De kracht van deze gedachtegang hangt samen met de waarschijnlijkheid van buitenaards leven. De Delftse natuurkundige én een van prominente verdedigers van ID Cees Dekker wijst er in zijn bijdrage aan het boek Schitterend ongeluk (2005) op dat ontwikkeld leven elders in het universum steeds minder waarschijnlijk wordt. Conclusie: de mens neemt een unieke plaats in. Ten onrechte, aldus Philipse, neemt Dekker aan dat zijn redenering het ontwerpargument bekrachtigt. Realiseer je maar hoe onvoorstelbaar groot de kosmos is. Hoe waarschijnlijk is het dat iemand zoiets immens nodig heeft om het speldenknopje dat de aarde is te scheppen? Vandaar dat Philipse de positie van ID-aanhangers vergelijkt met die van een vlieg in Versailles die ervan overtuigd is dat het paleis voor hem is gemaakt.
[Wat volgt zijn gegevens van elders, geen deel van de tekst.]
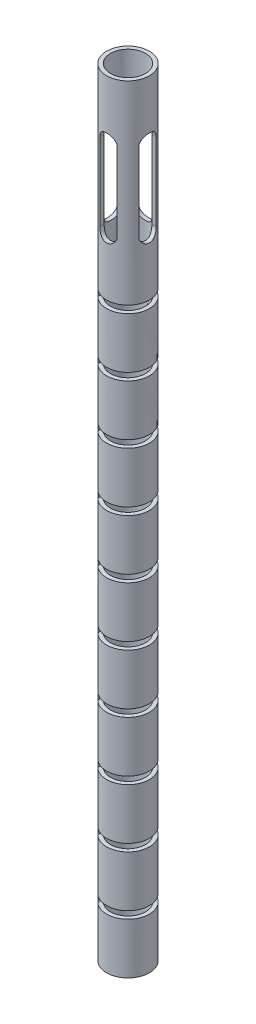
from build123d import *

# Parameters (mm, degrees)
SKETCH2_R           = 0.55
SKETCH2_R_2         = 0.45
BOSS_EXTRUDE1_DEPTH = 20
CUT_EXTRUDE1_START  = 1.5
CUT_EXTRUDE1_DEPTH  = 0.1901
LPATTERN2_COUNT     = 10
LPATTERN2_PITCH     = 1.5
CUT_EXTRUDE3_DEPTH  = 21.015119285
CIRPATTERN2_COUNT   = 4
FILLET2_R           = 0.02


with BuildPart() as part:
    # Sketch2 → Boss-Extrude1 (new body)
    with BuildSketch(Plane(origin=(0, 0, 0), x_dir=(1, 0, 0), z_dir=(0, 1, 0))):
        Circle(SKETCH2_R)
        Circle(SKETCH2_R_2, mode=Mode.SUBTRACT)
    extrude(amount=BOSS_EXTRUDE1_DEPTH)

    # Sketch3 → Cut-Extrude1 (cut)
    with BuildSketch(Plane(origin=(0, 0, 0), x_dir=(1, 0, 0), z_dir=(0, 1, 0)).offset(CUT_EXTRUDE1_START)):
        with BuildLine():
            Line((-0.385, -0.460190178), (-0.385, 0.460190178))
            ThreePointArc((-0.385, 0.460190178), (0.6, 0), (-0.385, -0.460190178))
        make_face()
    cut_extrude1 = extrude(amount=-CUT_EXTRUDE1_DEPTH, mode=Mode.SUBTRACT)

    # LPattern2: Cut-Extrude1 ×10
    with Locations(*[(0, i * LPATTERN2_PITCH, 0) for i in range(1, LPATTERN2_COUNT)]):
        add(cut_extrude1, mode=Mode.SUBTRACT)

    # Sketch5 → Cut-Extrude3 (cut, through all)
    with BuildSketch(Plane.XY):
        with BuildLine():
            Line((0.225, 18.5), (0.225, 16.5))
            ThreePointArc((0.225, 16.5), (0, 16.275), (-0.225, 16.5))
            Line((-0.225, 16.5), (-0.225, 18.5))
            ThreePointArc((-0.225, 18.5), (0, 18.725), (0.225, 18.5))
        make_face()
    cut_extrude3 = extrude(amount=-CUT_EXTRUDE3_DEPTH, mode=Mode.SUBTRACT)

    # CirPattern2: Cut-Extrude3 ×4 about axis
    cirpattern2_axis = Axis((0, 31.5, 0), (0, -1, 0))
    for i in range(1, CIRPATTERN2_COUNT):
        add(cut_extrude3.rotate(cirpattern2_axis, i * 360 / CIRPATTERN2_COUNT), mode=Mode.SUBTRACT)

    # Fillet2
    fillet2_edges = [part.edges().sort_by_distance(p)[0] for p in [
        (-0.385, 1.5, 0.312874259),
        (-0.385, 1.3099, 0.312874259),
    ]]
    fillet(fillet2_edges, radius=FILLET2_R)


solid = part.part
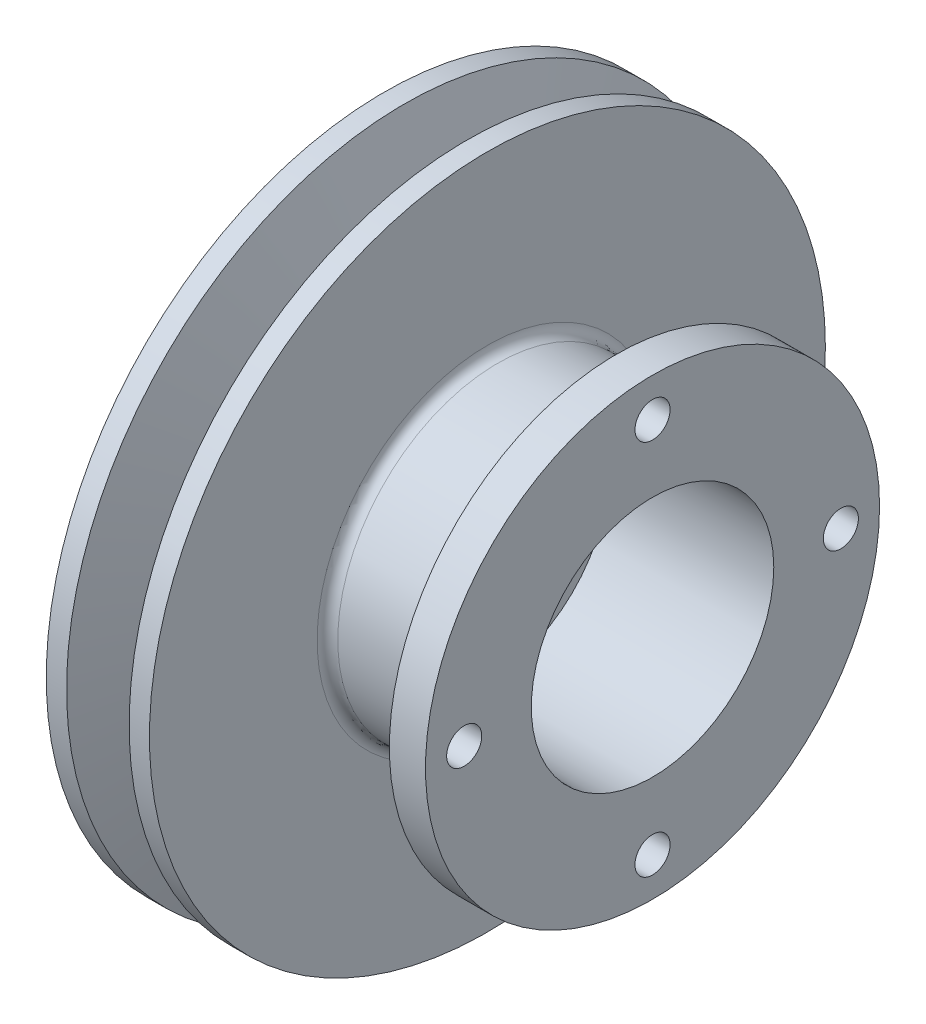
from build123d import *

# Parameters (mm, degrees)
CHAMFER1_SIZE     = 1
FILLET1_R         = 2
CIRPATTERN1_COUNT = 4


with BuildPart() as part:
    # Sketch1 → Revolve1 (revolve)
    with BuildSketch(Plane.XY, mode=Mode.PRIVATE) as revolve1_sk:
        Polygon((0, 0), (0, 44), (-7, 44), (-7, 31), (-32, 31), (-32, 65.5), (-35.937861367, 65.5), (-39.99935757, 53), (-44.00064243, 53), (-48.062138633, 65.5), (-52, 65.5), (-52, 46), (-39, 46), (-39, 38), (-66, 38), (-66, 0), align=None)
    revolve(revolve1_sk.sketch.rotate(Axis((0, 0, 0), (-1, 0, 0)), 90), axis=Axis((0, 0, 0), (-1, 0, 0)))

    # Sketch2 → Cut-Revolve1 (revolve, cut)
    with BuildSketch(Plane.XY, mode=Mode.PRIVATE) as cut_revolve1_sk:
        Polygon((0, 0), (0, 23.5), (-32, 23.5), (-32, 20), (-36, 20), (-39, 23), (-39, 31), (-55, 31), (-55, 34), (-58, 34), (-58, 30), (-66, 30), (-66, 0), align=None)
    revolve(cut_revolve1_sk.sketch.rotate(Axis((0, 0, 0), (-1, 0, 0)), 90), axis=Axis((0, 0, 0), (-1, 0, 0)), mode=Mode.SUBTRACT)

    # Chamfer1
    chamfer1_edges = [part.edges().sort_by_distance(p)[0] for p in [
        (-55, 0, 31),
    ]]
    chamfer(chamfer1_edges, length=CHAMFER1_SIZE)

    # Fillet1
    fillet1_edges = [part.edges().sort_by_distance(p)[0] for p in [
        (-39, 0, 38),
        (-39, 0, 46),
        (-52, 0, 46),
        (-32, 0, 31),
        (-7, 0, 31),
    ]]
    fillet(fillet1_edges, radius=FILLET1_R)

    # Sketch4 → M8 Tapped Hole1 (revolve, cut)
    with BuildSketch(Plane(origin=(0, 36.5, 0), x_dir=(0, 0, -1), z_dir=(0, 1, 0))):
        Polygon((0, 0), (0, 9.042926105), (3.4, 7), (3.4, 0), align=None)
    m8_tapped_hole1 = revolve(axis=Axis((6.35, 36.5, 0), (-1, 0, 0)), mode=Mode.SUBTRACT)

    # CirPattern1: M8 Tapped Hole1 ×4 about axis
    cirpattern1_axis = Axis((0, 0, 0), (1, 0, 0))
    for i in range(1, CIRPATTERN1_COUNT):
        add(m8_tapped_hole1.rotate(cirpattern1_axis, i * 360 / CIRPATTERN1_COUNT), mode=Mode.SUBTRACT)


solid = part.part

Terug naar de beginvraag: slaan darwinisten en anticreationisten een te zelfverzekerde toon aan? Maken ze zich schuldig aan arrogantie? Dat is niet zonder meer het geval. Volgens de Engelse filosoof John Locke moet er een verband bestaan tussen de kracht van iemands overtuigingen en diens bewijsmateriaal (het zogeheten evidentiebeginsel). Terughoudendheid is gepast als de bewijzen schaars zijn en (nog?) van een voorlopige aard. Maar als daarentegen de bewijzen zich opstapelen, is valse bescheidenheid nergens voor nodig.